Among these entries, how many lines have the string "dimension" in them? Only the number is needed.

───── DATA SUPPLIED

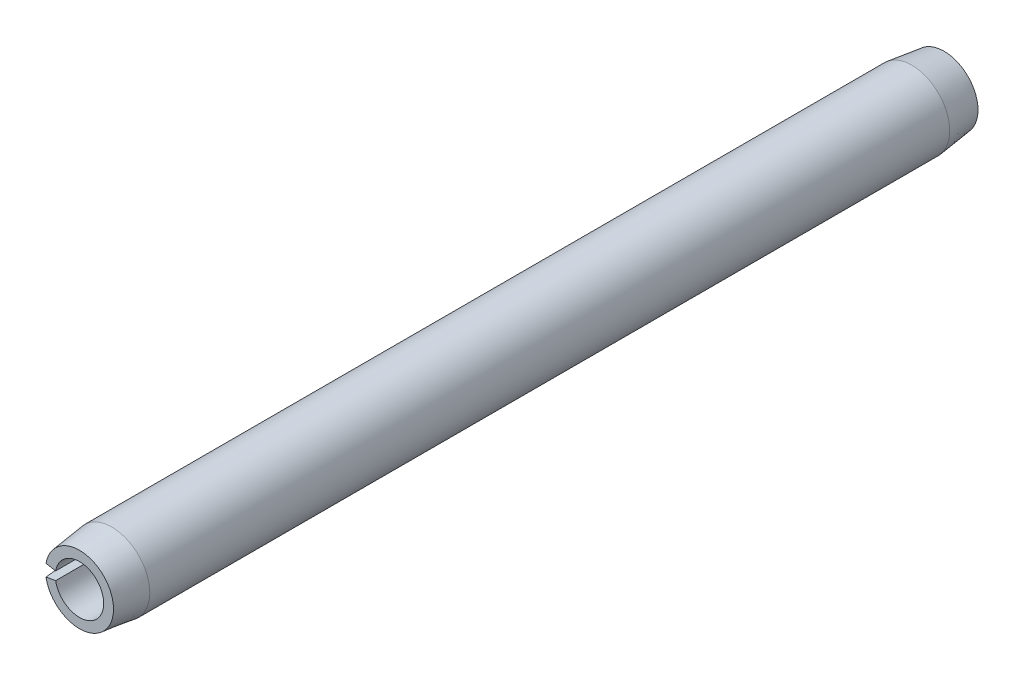
SolidWorks part; units mm, degrees
material "AISI 316 Stainless Steel Sheet (SS)"
ref_plane "Front Plane" through (0, 0, 0) normal (0, 0, 1) x (1, 0, 0)
ref_plane "Top Plane" through (0, 0, 0) normal (0, 1, 0) x (1, 0, 0)
ref_plane "Right Plane" through (0, 0, 0) normal (1, 0, 0) x (0, 0, -1)
sketch "Sketch1" plane through (0, 0, 0) normal (0, 0, 1) x (1, 0, 0)
  line L0 (0.5334, 0) -> (0.8382, 0) construction
  line L1 (-0.8255, 0.1456) -> (-0.5253, 0.0926)
  line L2 (-0.5253, -0.0926) -> (-0.8255, -0.1456)
  arc A0 (-0.8255, -0.1456) -> (-0.8255, 0.1456) centre (0, 0) ccw
  arc A1 (-0.5253, -0.0926) -> (-0.5253, 0.0926) centre (0, 0) ccw
  dimension "OD" = 1.6764
  dimension "Wall thickness" = 0.3048
  dimension "D3" = 20
extrude "Extrude1" add sketch "Sketch1" along normal mid plane 19.05
sketch "Sketch2" plane through (0, 0, 0) normal (1, 0, 0) x (0, 0, -1)
  line L0 (0, -0.8382) -> (0, 0.8382) construction
  line L1 (9.525, 0) -> (-9.525, 0) construction
  line L2 (9.525, -0.5334) -> (9.525, 0.5334) construction
  line L3 (9.525, 0.8382) -> (-9.525, 0.8382) construction
  line L4 (9.525, 0.8382) -> (9.525, 0.7493)
  line L5 (9.525, 0.7493) -> (8.8138, 0.8382)
  line L6 (8.8138, 0.8382) -> (9.525, 0.8382)
  line L7 (9.525, -0.8382) -> (9.525, 0.8382) construction
  line L8 (-8.8138, 0.8382) -> (-9.525, 0.8382)
  line L9 (-9.525, 0.7493) -> (-8.8138, 0.8382)
  line L10 (-9.525, 0.8382) -> (-9.525, 0.7493)
  line L11 (8.8138, -0.8382) -> (9.525, -0.8382) construction
  line L12 (9.525, -0.7493) -> (8.8138, -0.8382) construction
  line L13 (9.525, -0.8382) -> (9.525, -0.7493) construction
  dimension "B" = 1.4986
  dimension "Chamfer max" = 0.7112
revolve "Cut-Revolve1" cut sketch "Sketch2" angle 360 about L1
sketch "Sketch3" plane through (0, 0, 0) normal (0, 0, 1) x (1, 0, 0)
  line L0 (0.5334, 0) -> (0.8382, 0) construction
  line L1 (0.5334, 0) -> (0.8382, 0)
  circle A0 centre (0, 0) radius 0.8382
  circle A1 centre (0, 0) radius 0.5334
  arc A2 (-0.8255, -0.1456) -> (-0.8255, 0.1456) centre (0, 0) ccw construction
  arc A3 (-0.5253, -0.0926) -> (-0.5253, 0.0926) centre (0, 0) ccw construction

──────────

* EXERCISE ANSWER
5